Yes, Boundless Informant produces unattractive reports relative to say Excel,
yet to do even that required a herculean effort in the realm of Big Data
software development. Some 504 SIGAD collecting sites -- including US-984XN
PRISM -- are feeding hundreds of billions of records into GM-Place, according
to the Hindu Times. It's all non-FISA supposedly.
Desktop software freezes up long before these file sizes; to work at this
scale requires a wholly different approach.
Although developed in-house (more likely as a lucrative defense contract),
Boundless Informant is basically a wrapper for pre-existing open source software,
primarily HDFS, MapReduce and Accumulo. Each of these cloud computing components
has its own incomprehensible wikipedia article, as does the over-arching
rack-aware Hadoop file system.
NSA did add a key component to Apache Accumulo, namely a key called Column
Visibility that stores a security logic string. If the analyst isn't authorized
for that level of security, the data in there will not be supplied in response
to a query. This allows data of varying security requirements to be stored
in the same table.
A run-of-the-mill analyst using Boundless Informant would not be able to
see or count ECI or COI data feeds (roughly SNAP2 over at GCHQ) because GM-Place
is restricted to TS//SI//NOFORN, no FISA. The FAQ above illustrates this
in the Organization View section with GAO --> SSO --> RAM-A -->
Here SPINNERET is the non-corporate intercept SIGAD US-3180 of unknown location,
RAM-A is exceptionally controlled information about wiretapping a head of
state, and Special Source Operations (which owns GM-Place) sits inside division
S33, Global Access Operations of NSA's Signals Intelligence Directorate.
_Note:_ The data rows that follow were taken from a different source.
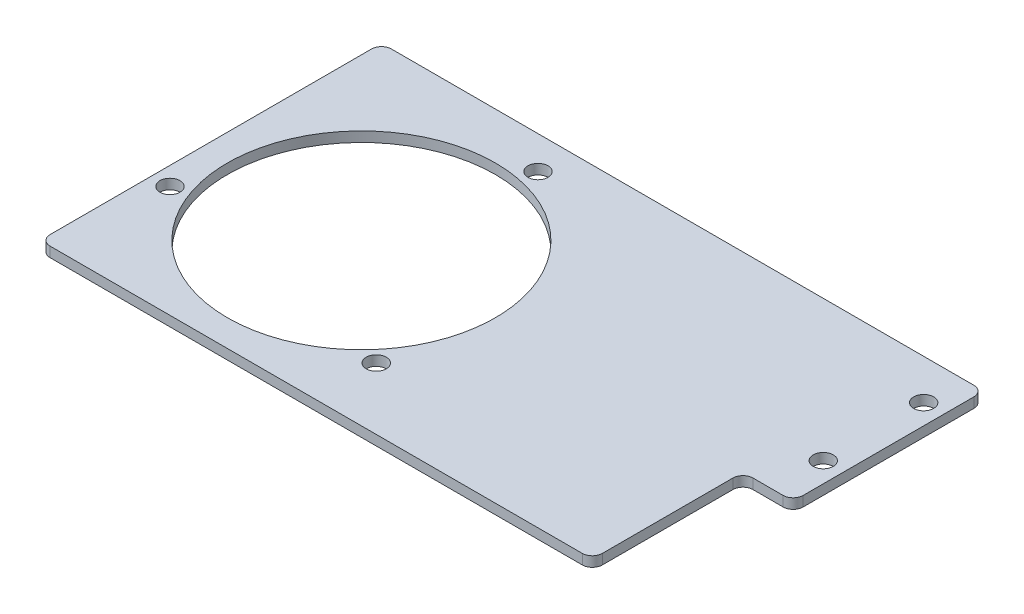
ISO-10303-21;
HEADER;
FILE_DESCRIPTION(('STEP AP214'),'2;1');
FILE_NAME('part.step','',(''),(''),'','','');
FILE_SCHEMA(('AUTOMOTIVE_DESIGN { 1 0 10303 214 1 1 1 1 }'));
ENDSEC;
DATA;
#1=APPLICATION_CONTEXT('core data for automotive mechanical design processes');
#2=APPLICATION_PROTOCOL_DEFINITION('international standard','automotive_design',2000,#1);
#3=PRODUCT_CONTEXT('',#1,'mechanical');
#4=PRODUCT('Part','Part','',(#3));
#5=PRODUCT_RELATED_PRODUCT_CATEGORY('part','',(#4));
#6=PRODUCT_DEFINITION_FORMATION('','',#4);
#7=PRODUCT_DEFINITION_CONTEXT('part definition',#1,'design');
#8=PRODUCT_DEFINITION('design','',#6,#7);
#9=PRODUCT_DEFINITION_SHAPE('','',#8);
#10=(LENGTH_UNIT() NAMED_UNIT(*) SI_UNIT(.MILLI.,.METRE.));
#11=(NAMED_UNIT(*) PLANE_ANGLE_UNIT() SI_UNIT($,.RADIAN.));
#12=(NAMED_UNIT(*) SI_UNIT($,.STERADIAN.) SOLID_ANGLE_UNIT());
#13=UNCERTAINTY_MEASURE_WITH_UNIT(LENGTH_MEASURE(1.E-05),#10,'distance_accuracy_value','');
#14=(GEOMETRIC_REPRESENTATION_CONTEXT(3) GLOBAL_UNCERTAINTY_ASSIGNED_CONTEXT((#13)) GLOBAL_UNIT_ASSIGNED_CONTEXT((#10,
#11,#12)) REPRESENTATION_CONTEXT('',''));
#15=CARTESIAN_POINT('',(0.,0.,0.));
#16=DIRECTION('',(0.,0.,1.));
#17=DIRECTION('',(1.,0.,0.));
#18=AXIS2_PLACEMENT_3D('',#15,#16,#17);
#19=CARTESIAN_POINT('',(254.,6.35,12.7));
#20=DIRECTION('',(0.,-1.,0.));
#21=DIRECTION('',(0.,0.,-1.));
#22=AXIS2_PLACEMENT_3D('',#19,#20,#21);
#23=PLANE('',#22);
#24=CARTESIAN_POINT('',(18.1745568096169,6.35,-93.4999892233898));
#25=DIRECTION('',(0.,1.,0.));
#26=DIRECTION('',(0.,0.,1.));
#27=AXIS2_PLACEMENT_3D('',#24,#25,#26);
#28=CIRCLE('',#27,6.34999999999998);
#29=CARTESIAN_POINT('',(18.1745568096169,6.35,-87.1499892233898));
#30=VERTEX_POINT('',#29);
#31=EDGE_CURVE('E299',#30,#30,#28,.T.);
#32=ORIENTED_EDGE('',*,*,#31,.F.);
#33=EDGE_LOOP('',(#32));
#34=FACE_BOUND('',#33,.T.);
#35=CARTESIAN_POINT('',(266.7,6.35,-88.9000000000001));
#36=DIRECTION('',(0.,1.,0.));
#37=DIRECTION('',(0.,0.,1.));
#38=AXIS2_PLACEMENT_3D('',#35,#36,#37);
#39=CIRCLE('',#38,6.35);
#40=CARTESIAN_POINT('',(266.7,6.35,-82.5500000000001));
#41=VERTEX_POINT('',#40);
#42=EDGE_CURVE('E311',#41,#41,#39,.T.);
#43=ORIENTED_EDGE('',*,*,#42,.F.);
#44=EDGE_LOOP('',(#43));
#45=FACE_BOUND('',#44,.T.);
#46=CARTESIAN_POINT('',(0.,6.35,0.));
#47=DIRECTION('',(0.,1.,0.));
#48=DIRECTION('',(0.,0.,1.));
#49=AXIS2_PLACEMENT_3D('',#46,#47,#48);
#50=CIRCLE('',#49,84.7725);
#51=CARTESIAN_POINT('',(0.,6.35,84.7725));
#52=VERTEX_POINT('',#51);
#53=EDGE_CURVE('E157',#52,#52,#50,.T.);
#54=ORIENTED_EDGE('',*,*,#53,.F.);
#55=EDGE_LOOP('',(#54));
#56=FACE_BOUND('',#55,.T.);
#57=CARTESIAN_POINT('',(254.,6.35,12.7));
#58=DIRECTION('',(0.,-1.,0.));
#59=DIRECTION('',(0.,0.,-1.));
#60=AXIS2_PLACEMENT_3D('',#57,#58,#59);
#61=CIRCLE('',#60,6.35);
#62=CARTESIAN_POINT('',(247.65,6.35,12.7));
#63=VERTEX_POINT('',#62);
#64=CARTESIAN_POINT('',(254.,6.35,6.34999999999998));
#65=VERTEX_POINT('',#64);
#66=EDGE_CURVE('E176',#63,#65,#61,.T.);
#67=ORIENTED_EDGE('',*,*,#66,.T.);
#68=DIRECTION('',(1.,0.,0.));
#69=VECTOR('',#68,1.);
#70=CARTESIAN_POINT('',(254.,6.35,6.34999999999998));
#71=LINE('',#70,#69);
#72=CARTESIAN_POINT('',(273.05,6.35,6.34999999999999));
#73=VERTEX_POINT('',#72);
#74=EDGE_CURVE('E104',#65,#73,#71,.T.);
#75=ORIENTED_EDGE('',*,*,#74,.T.);
#76=CARTESIAN_POINT('',(273.05,6.35,0.));
#77=DIRECTION('',(0.,1.,0.));
#78=DIRECTION('',(0.,0.,1.));
#79=AXIS2_PLACEMENT_3D('',#76,#77,#78);
#80=CIRCLE('',#79,6.35000000000001);
#81=CARTESIAN_POINT('',(279.4,6.35,0.));
#82=VERTEX_POINT('',#81);
#83=EDGE_CURVE('E203',#73,#82,#80,.T.);
#84=ORIENTED_EDGE('',*,*,#83,.T.);
#85=DIRECTION('',(0.,0.,-1.));
#86=VECTOR('',#85,1.);
#87=CARTESIAN_POINT('',(279.4,6.35,-107.95));
#88=LINE('',#87,#86);
#89=CARTESIAN_POINT('',(279.4,6.35,-107.95));
#90=VERTEX_POINT('',#89);
#91=EDGE_CURVE('E222',#82,#90,#88,.T.);
#92=ORIENTED_EDGE('',*,*,#91,.T.);
#93=CARTESIAN_POINT('',(273.05,6.35,-107.95));
#94=DIRECTION('',(0.,1.,0.));
#95=DIRECTION('',(0.,0.,-1.));
#96=AXIS2_PLACEMENT_3D('',#93,#94,#95);
#97=CIRCLE('',#96,6.35000000000002);
#98=CARTESIAN_POINT('',(273.05,6.35,-114.3));
#99=VERTEX_POINT('',#98);
#100=EDGE_CURVE('E219',#90,#99,#97,.T.);
#101=ORIENTED_EDGE('',*,*,#100,.T.);
#102=DIRECTION('',(-1.,0.,0.));
#103=VECTOR('',#102,1.);
#104=CARTESIAN_POINT('',(273.05,6.35,-114.3));
#105=LINE('',#104,#103);
#106=CARTESIAN_POINT('',(-95.25,6.35,-114.3));
#107=VERTEX_POINT('',#106);
#108=EDGE_CURVE('E221',#99,#107,#105,.T.);
#109=ORIENTED_EDGE('',*,*,#108,.T.);
#110=CARTESIAN_POINT('',(-95.25,6.35,-107.95));
#111=DIRECTION('',(0.,1.,0.));
#112=DIRECTION('',(0.,0.,1.));
#113=AXIS2_PLACEMENT_3D('',#110,#111,#112);
#114=CIRCLE('',#113,6.35);
#115=CARTESIAN_POINT('',(-101.6,6.35,-107.95));
#116=VERTEX_POINT('',#115);
#117=EDGE_CURVE('E224',#107,#116,#114,.T.);
#118=ORIENTED_EDGE('',*,*,#117,.T.);
#119=DIRECTION('',(0.,0.,1.));
#120=VECTOR('',#119,1.);
#121=CARTESIAN_POINT('',(-101.6,6.35,-107.95));
#122=LINE('',#121,#120);
#123=CARTESIAN_POINT('',(-101.6,6.35,95.25));
#124=VERTEX_POINT('',#123);
#125=EDGE_CURVE('E230',#116,#124,#122,.T.);
#126=ORIENTED_EDGE('',*,*,#125,.T.);
#127=CARTESIAN_POINT('',(-95.2499999999999,6.35,95.2500000000001));
#128=DIRECTION('',(0.,1.,0.));
#129=DIRECTION('',(0.,0.,-1.));
#130=AXIS2_PLACEMENT_3D('',#127,#128,#129);
#131=CIRCLE('',#130,6.34999999999999);
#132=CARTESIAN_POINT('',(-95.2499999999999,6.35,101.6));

I'm going to say, like the Obamacare web site, NSA uses NoSQL here so analysts
aren't standing around (latency), waiting for the computer to respond to
their queries (tasking selectors). Since NoSQL means 'not only special query
language' rather than 'no SQL', your correspondent is right about old-fashioned
boolean logic still being supported.
Boundless Informant thus revolves around the colossal collection scale at
NSA, all very similar to Google; indeed their BigTable software and ProtoBuf
objects are highly intertwined. All this hassle is just for metadata (a few
k per record), so you can see why NSA doesn't want content (or must whack
it down mightily with selectors).
The Boundless Informant reports that we see are only an after-thought; they
would be trivial to generate except for GM-Place being so gigantic and dispersed.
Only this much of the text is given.